Ancak Siyah ölümlerinin videolarına tepkim tam tersi oldu; Sahnelerin ayrıntılarını hatırlamıyorum ama batma hissi devam ediyor. Kalbimin temposunu hızlandıran ve hayal gücümün motorunu çalıştıran, sokakta durdurulduğum ya da evimde vurulduğum senaryoları çalkalayan adrenalinin ince bir vuruşu vardı. Büyük çoğunluğu beyaz olan Brooklyn mahallemi düşündüm ve o gün kaç tane Siyah insan gördüğümü hatırlamaya çalıştım, herhangi bir noktada hedef alınıp alınmadıklarını, onların da evlerinde korku içinde oturup paniklediklerini merak ettim.
Yine de bu videoları paylaşmak ve yorum yapmak için çok hızlıyız. Medya, haberleri belgelemek için cinayetleri tekrarlamakta hızlıdır. TV’de görünüyorlar ve haber makalelerinde ve sosyal medya beslemelerinde otomatik olarak oynatılıyorlar, buna zorunlu bir tetikleyici uyarı eşlik ediyor, sanki bu bazen sadece bir korku metalaştırması olan şeyi mazur gösteriyor. Milletimiz hakkında göze çarpan bir gerçeği takip ederken, bu videoları gösterilere indirgeme tehlikesi var: Birbirine bağlı, durumun somut gerçekliğinden kopuk performanslar.
Şimdiye kadar Siyah ölümleriyle ilgili o kadar çok görüntü var ki, o kadar çok video var ki ayrıntılar benim için bulanık hale geldi. Kim bir şeye uzandı? Kimin eli cebindeydi? Kim işaret etti? Kim yavaşça öne çıktı? Kim kollarını havaya kaldırdı? Ayrıntılar önemsizdir ya da vahşeti açıklamak için kullanıldıkları ölçüde tehlikelidir, sanki kurbanlar bir şekilde kendi infazlarında hatalıymış gibi.
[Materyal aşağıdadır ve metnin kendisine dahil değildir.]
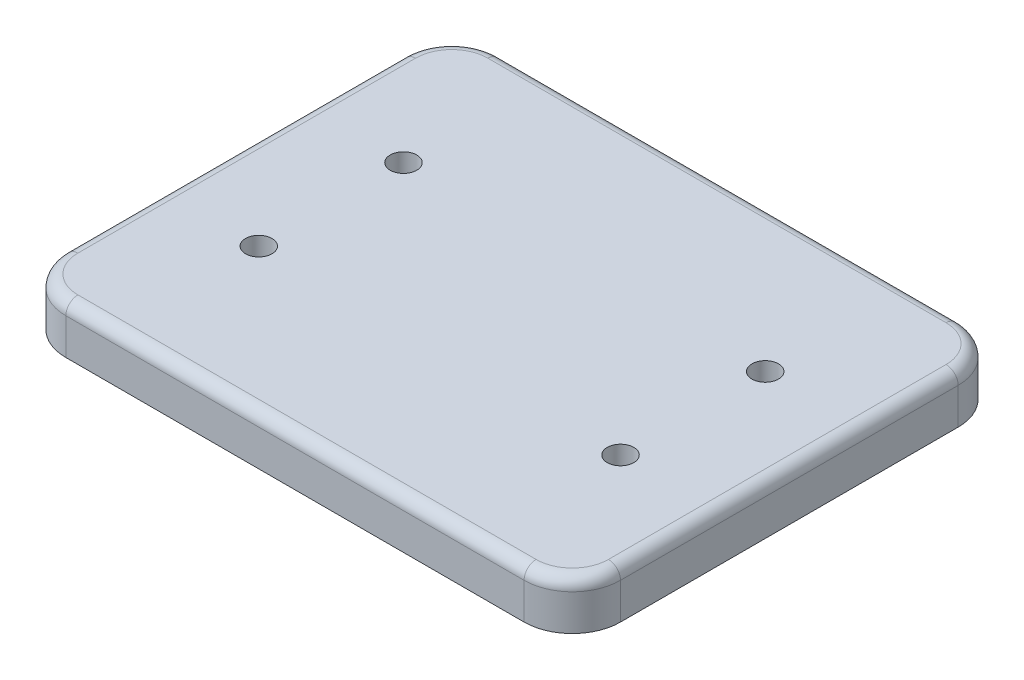
ISO-10303-21;
HEADER;
FILE_DESCRIPTION(('STEP AP214'),'2;1');
FILE_NAME('part.step','',(''),(''),'','','');
FILE_SCHEMA(('AUTOMOTIVE_DESIGN { 1 0 10303 214 1 1 1 1 }'));
ENDSEC;
DATA;
#1=APPLICATION_CONTEXT('core data for automotive mechanical design processes');
#2=APPLICATION_PROTOCOL_DEFINITION('international standard','automotive_design',2000,#1);
#3=PRODUCT_CONTEXT('',#1,'mechanical');
#4=PRODUCT('Part','Part','',(#3));
#5=PRODUCT_RELATED_PRODUCT_CATEGORY('part','',(#4));
#6=PRODUCT_DEFINITION_FORMATION('','',#4);
#7=PRODUCT_DEFINITION_CONTEXT('part definition',#1,'design');
#8=PRODUCT_DEFINITION('design','',#6,#7);
#9=PRODUCT_DEFINITION_SHAPE('','',#8);
#10=(LENGTH_UNIT() NAMED_UNIT(*) SI_UNIT(.MILLI.,.METRE.));
#11=(NAMED_UNIT(*) PLANE_ANGLE_UNIT() SI_UNIT($,.RADIAN.));
#12=(NAMED_UNIT(*) SI_UNIT($,.STERADIAN.) SOLID_ANGLE_UNIT());
#13=UNCERTAINTY_MEASURE_WITH_UNIT(LENGTH_MEASURE(1.E-05),#10,'distance_accuracy_value','');
#14=(GEOMETRIC_REPRESENTATION_CONTEXT(3) GLOBAL_UNCERTAINTY_ASSIGNED_CONTEXT((#13)) GLOBAL_UNIT_ASSIGNED_CONTEXT((#10,
#11,#12)) REPRESENTATION_CONTEXT('',''));
#15=CARTESIAN_POINT('',(0.,0.,0.));
#16=DIRECTION('',(0.,0.,1.));
#17=DIRECTION('',(1.,0.,0.));
#18=AXIS2_PLACEMENT_3D('',#15,#16,#17);
#19=CARTESIAN_POINT('',(75.,0.,30.));
#20=DIRECTION('',(0.,1.,0.));
#21=DIRECTION('',(0.,0.,1.));
#22=AXIS2_PLACEMENT_3D('',#19,#20,#21);
#23=CYLINDRICAL_SURFACE('',#22,5.5);
#24=CARTESIAN_POINT('',(75.,20.,30.));
#25=DIRECTION('',(0.,-1.,0.));
#26=DIRECTION('',(0.,0.,-1.));
#27=AXIS2_PLACEMENT_3D('',#24,#25,#26);
#28=CIRCLE('',#27,5.5);
#29=CARTESIAN_POINT('',(75.,20.,24.5));
#30=VERTEX_POINT('',#29);
#31=EDGE_CURVE('E241',#30,#30,#28,.T.);
#32=ORIENTED_EDGE('',*,*,#31,.F.);
#33=EDGE_LOOP('',(#32));
#34=FACE_BOUND('',#33,.T.);
#35=CARTESIAN_POINT('',(75.,11.,30.));
#36=DIRECTION('',(0.,-1.,0.));
#37=DIRECTION('',(0.,0.,-1.));
#38=AXIS2_PLACEMENT_3D('',#35,#36,#37);
#39=CIRCLE('',#38,5.5);
#40=CARTESIAN_POINT('',(75.,11.,24.5));
#41=VERTEX_POINT('',#40);
#42=EDGE_CURVE('E37',#41,#41,#39,.T.);
#43=ORIENTED_EDGE('',*,*,#42,.T.);
#44=EDGE_LOOP('',(#43));
#45=FACE_BOUND('',#44,.T.);
#46=ADVANCED_FACE('F33',(#34,#45),#23,.F.);
#47=CARTESIAN_POINT('',(-75.,0.,30.));
#48=DIRECTION('',(0.,1.,0.));
#49=DIRECTION('',(0.,0.,1.));
#50=AXIS2_PLACEMENT_3D('',#47,#48,#49);
#51=CYLINDRICAL_SURFACE('',#50,5.5);
#52=CARTESIAN_POINT('',(-75.,20.,30.));
#53=DIRECTION('',(0.,-1.,0.));
#54=DIRECTION('',(0.,0.,-1.));
#55=AXIS2_PLACEMENT_3D('',#52,#53,#54);
#56=CIRCLE('',#55,5.5);
#57=CARTESIAN_POINT('',(-75.,20.,24.5));
#58=VERTEX_POINT('',#57);
#59=EDGE_CURVE('E256',#58,#58,#56,.T.);
#60=ORIENTED_EDGE('',*,*,#59,.F.);
#61=EDGE_LOOP('',(#60));
#62=FACE_BOUND('',#61,.T.);
#63=CARTESIAN_POINT('',(-75.,11.,30.));
#64=DIRECTION('',(0.,-1.,0.));
#65=DIRECTION('',(0.,0.,-1.));
#66=AXIS2_PLACEMENT_3D('',#63,#64,#65);
#67=CIRCLE('',#66,5.5);
#68=CARTESIAN_POINT('',(-75.,11.,24.5));
#69=VERTEX_POINT('',#68);
#70=EDGE_CURVE('E235',#69,#69,#67,.T.);
#71=ORIENTED_EDGE('',*,*,#70,.T.);
#72=EDGE_LOOP('',(#71));
#73=FACE_BOUND('',#72,.T.);
#74=ADVANCED_FACE('F345',(#62,#73),#51,.F.);
#75=CARTESIAN_POINT('',(75.,0.,-30.));
#76=DIRECTION('',(0.,1.,0.));
#77=DIRECTION('',(0.,0.,1.));
#78=AXIS2_PLACEMENT_3D('',#75,#76,#77);
#79=CYLINDRICAL_SURFACE('',#78,5.5);
#80=CARTESIAN_POINT('',(75.,20.,-30.));
#81=DIRECTION('',(0.,1.,0.));
#82=DIRECTION('',(0.,0.,1.));
#83=AXIS2_PLACEMENT_3D('',#80,#81,#82);
#84=CIRCLE('',#83,5.5);
#85=CARTESIAN_POINT('',(75.,20.,-24.5));
#86=VERTEX_POINT('',#85);
#87=EDGE_CURVE('E151',#86,#86,#84,.T.);
#88=ORIENTED_EDGE('',*,*,#87,.T.);
#89=EDGE_LOOP('',(#88));
#90=FACE_BOUND('',#89,.T.);
#91=CARTESIAN_POINT('',(75.,11.,-30.));
#92=DIRECTION('',(0.,-1.,0.));
#93=DIRECTION('',(0.,0.,-1.));
#94=AXIS2_PLACEMENT_3D('',#91,#92,#93);
#95=CIRCLE('',#94,5.5);
#96=CARTESIAN_POINT('',(75.,11.,-35.5));
#97=VERTEX_POINT('',#96);
#98=EDGE_CURVE('E232',#97,#97,#95,.F.);
#99=ORIENTED_EDGE('',*,*,#98,.F.);
#100=EDGE_LOOP('',(#99));
#101=FACE_BOUND('',#100,.T.);
#102=ADVANCED_FACE('F277',(#90,#101),#79,.F.);
#103=CARTESIAN_POINT('',(-75.,0.,-30.));
#104=DIRECTION('',(0.,1.,0.));
#105=DIRECTION('',(0.,0.,1.));
#106=AXIS2_PLACEMENT_3D('',#103,#104,#105);
#107=CYLINDRICAL_SURFACE('',#106,5.5);
#108=CARTESIAN_POINT('',(-75.,20.,-30.));
#109=DIRECTION('',(0.,1.,0.));
#110=DIRECTION('',(0.,0.,1.));
#111=AXIS2_PLACEMENT_3D('',#108,#109,#110);
#112=CIRCLE('',#111,5.5);
#113=CARTESIAN_POINT('',(-75.,20.,-24.5));
#114=VERTEX_POINT('',#113);
#115=EDGE_CURVE('E213',#114,#114,#112,.T.);
#116=ORIENTED_EDGE('',*,*,#115,.T.);
#117=EDGE_LOOP('',(#116));
#118=FACE_BOUND('',#117,.T.);
#119=CARTESIAN_POINT('',(-75.,11.,-30.));
#120=DIRECTION('',(0.,-1.,0.));
#121=DIRECTION('',(0.,0.,-1.));
#122=AXIS2_PLACEMENT_3D('',#119,#120,#121);
#123=CIRCLE('',#122,5.5);
#124=CARTESIAN_POINT('',(-75.,11.,-35.5));
#125=VERTEX_POINT('',#124);
#126=EDGE_CURVE('E229',#125,#125,#123,.F.);
#127=ORIENTED_EDGE('',*,*,#126,.F.);
#128=EDGE_LOOP('',(#127));
#129=FACE_BOUND('',#128,.T.);
#130=ADVANCED_FACE('F374',(#118,#129),#107,.F.);
#131=CARTESIAN_POINT('',(-94.9999999999999,20.,70.));
#132=DIRECTION('',(0.,-1.,0.));
#133=DIRECTION('',(0.,0.,-1.));
#134=AXIS2_PLACEMENT_3D('',#131,#132,#133);
#135=CYLINDRICAL_SURFACE('',#134,20.);
#136=DIRECTION('',(0.,-1.,0.));
#137=VECTOR('',#136,1.);
#138=CARTESIAN_POINT('',(-94.9999999999998,20.,90.));
#139=LINE('',#138,#137);
#140=CARTESIAN_POINT('',(-94.9999999999998,15.,90.));
#141=VERTEX_POINT('',#140);
#142=CARTESIAN_POINT('',(-94.9999999999998,0.,90.));
#143=VERTEX_POINT('',#142);
#144=EDGE_CURVE('E121',#141,#143,#139,.T.);
#145=ORIENTED_EDGE('',*,*,#144,.F.);
#146=CARTESIAN_POINT('',(-94.9999999999999,15.,70.));
#147=DIRECTION('',(0.,-1.,0.));
#148=DIRECTION('',(0.,0.,-1.));
#149=AXIS2_PLACEMENT_3D('',#146,#147,#148);
#150=CIRCLE('',#149,20.);
#151=CARTESIAN_POINT('',(-115.,15.,69.9999999999999));
#152=VERTEX_POINT('',#151);
#153=EDGE_CURVE('E11',#141,#152,#150,.T.);
#154=ORIENTED_EDGE('',*,*,#153,.T.);
#155=DIRECTION('',(0.,-1.,0.));
#156=VECTOR('',#155,1.);
#157=CARTESIAN_POINT('',(-115.,20.,69.9999999999999));
#158=LINE('',#157,#156);
#159=CARTESIAN_POINT('',(-115.,0.,69.9999999999999));
#160=VERTEX_POINT('',#159);
#161=EDGE_CURVE('E143',#152,#160,#158,.T.);
#162=ORIENTED_EDGE('',*,*,#161,.T.);
#163=CARTESIAN_POINT('',(-94.9999999999999,0.,70.));
#164=DIRECTION('',(0.,1.,0.));
#165=DIRECTION('',(0.,0.,-1.));
#166=AXIS2_PLACEMENT_3D('',#163,#164,#165);
#167=CIRCLE('',#166,20.);
#168=EDGE_CURVE('E136',#160,#143,#167,.T.);
#169=ORIENTED_EDGE('',*,*,#168,.T.);
#170=EDGE_LOOP('',(#145,#154,#162,#169));
#171=FACE_BOUND('',#170,.T.);
#172=ADVANCED_FACE('F141',(#171),#135,.T.);
#173=CARTESIAN_POINT('',(94.9999999999999,20.,90.));
#174=DIRECTION('',(0.,0.,-1.));
#175=DIRECTION('',(-1.,0.,0.));
#176=AXIS2_PLACEMENT_3D('',#173,#174,#175);
#177=PLANE('',#176);
#178=DIRECTION('',(0.,-1.,0.));
#179=VECTOR('',#178,1.);
#180=CARTESIAN_POINT('',(94.9999999999999,20.,90.));
#181=LINE('',#180,#179);
#182=CARTESIAN_POINT('',(94.9999999999999,15.,90.));
#183=VERTEX_POINT('',#182);
#184=CARTESIAN_POINT('',(94.9999999999999,0.,90.));
#185=VERTEX_POINT('',#184);
#186=EDGE_CURVE('E130',#183,#185,#181,.T.);
#187=ORIENTED_EDGE('',*,*,#186,.F.);
#188=DIRECTION('',(1.,0.,0.));
#189=VECTOR('',#188,1.);
#190=CARTESIAN_POINT('',(94.9999999999999,15.,90.));
#191=LINE('',#190,#189);
#192=EDGE_CURVE('E42',#183,#141,#191,.F.);
#193=ORIENTED_EDGE('',*,*,#192,.T.);
#194=ORIENTED_EDGE('',*,*,#144,.T.);
#195=DIRECTION('',(1.,0.,0.));
#196=VECTOR('',#195,1.);
#197=CARTESIAN_POINT('',(94.9999999999999,0.,90.));
#198=LINE('',#197,#196);
#199=EDGE_CURVE('E124',#143,#185,#198,.T.);
#200=ORIENTED_EDGE('',*,*,#199,.T.);
#201=EDGE_LOOP('',(#187,#193,#194,#200));
#202=FACE_BOUND('',#201,.T.);
#203=ADVANCED_FACE('F123',(#202),#177,.F.);
#204=CARTESIAN_POINT('',(95.0000000000001,20.,70.));
#205=DIRECTION('',(0.,-1.,0.));
#206=DIRECTION('',(0.,0.,-1.));
#207=AXIS2_PLACEMENT_3D('',#204,#205,#206);
#208=CYLINDRICAL_SURFACE('',#207,20.);
#209=DIRECTION('',(0.,-1.,0.));
#210=VECTOR('',#209,1.);
#211=CARTESIAN_POINT('',(115.,20.,69.9999999999999));
#212=LINE('',#211,#210);
#213=CARTESIAN_POINT('',(115.,15.,69.9999999999999));
#214=VERTEX_POINT('',#213);
#215=CARTESIAN_POINT('',(115.,0.,69.9999999999999));
#216=VERTEX_POINT('',#215);
#217=EDGE_CURVE('E178',#214,#216,#212,.T.);
#218=ORIENTED_EDGE('',*,*,#217,.F.);
#219=CARTESIAN_POINT('',(95.0000000000001,15.,70.));
#220=DIRECTION('',(0.,-1.,0.));
#221=DIRECTION('',(0.,0.,-1.));
#222=AXIS2_PLACEMENT_3D('',#219,#220,#221);
#223=CIRCLE('',#222,20.);
#224=EDGE_CURVE('E57',#214,#183,#223,.T.);
#225=ORIENTED_EDGE('',*,*,#224,.T.);
#226=ORIENTED_EDGE('',*,*,#186,.T.);
#227=CARTESIAN_POINT('',(95.0000000000001,0.,70.));
#228=DIRECTION('',(0.,1.,0.));
#229=DIRECTION('',(0.,0.,1.));
#230=AXIS2_PLACEMENT_3D('',#227,#228,#229);
#231=CIRCLE('',#230,20.);
#232=EDGE_CURVE('E139',#185,#216,#231,.T.);
#233=ORIENTED_EDGE('',*,*,#232,.T.);
#234=EDGE_LOOP('',(#218,#225,#226,#233));
#235=FACE_BOUND('',#234,.T.);
#236=ADVANCED_FACE('F562',(#235),#208,.T.);
#237=CARTESIAN_POINT('',(115.,20.,69.9999999999999));
#238=DIRECTION('',(-1.,0.,0.));
#239=DIRECTION('',(0.,0.,1.));
#240=AXIS2_PLACEMENT_3D('',#237,#238,#239);
#241=PLANE('',#240);
#242=DIRECTION('',(0.,-1.,0.));
#243=VECTOR('',#242,1.);
#244=CARTESIAN_POINT('',(115.,20.,-69.9999999999999));
#245=LINE('',#244,#243);
#246=CARTESIAN_POINT('',(115.,15.,-69.9999999999999));
#247=VERTEX_POINT('',#246);
#248=CARTESIAN_POINT('',(115.,0.,-69.9999999999999));
#249=VERTEX_POINT('',#248);
#250=EDGE_CURVE('E176',#247,#249,#245,.T.);
#251=ORIENTED_EDGE('',*,*,#250,.F.);
#252=DIRECTION('',(0.,0.,-1.));
#253=VECTOR('',#252,1.);
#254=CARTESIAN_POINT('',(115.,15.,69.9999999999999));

Yine de bize bunların sadece bir listedeki isimler veya bir hareketin sembolleri değil, belirli koşullar altında öldürülen belirli insanlar olduğunu hatırlatıyorlar. “Adlarını söyleyin” diye sesleniyoruz, ancak bunu yapmak, düşünmekten çok refleksif hale gelebilir.
O gece hem kurgusal hem de gerçek ölümleri izledikten sonra bitkin düştüm, artık hangilerinin devam eden bir ulusal trajediyi açığa çıkardığından ve hangilerinin onu istismar ettiğinden emin değildim. Bu çizgi puslu ve insandan insana ve belki de geceden geceye değişiyor.
Ama izlemeye devam edeceğim. Zaman zaman, Amerika’daki ırksal adaletsizlik anlayışımızı genişleten kurgularla ve buna tanıklık eden ilk elden videolarla memnuniyetimizin bedelini ödememiz gerekiyor. Her ikisi de, kurbanların haysiyetini kendi anlatıları veya derecelendirmeleri kadar dikkatli bir şekilde dikkate almadıklarında, bazen hedefi kaçırabilir. Ama bakmayı göze alamayız.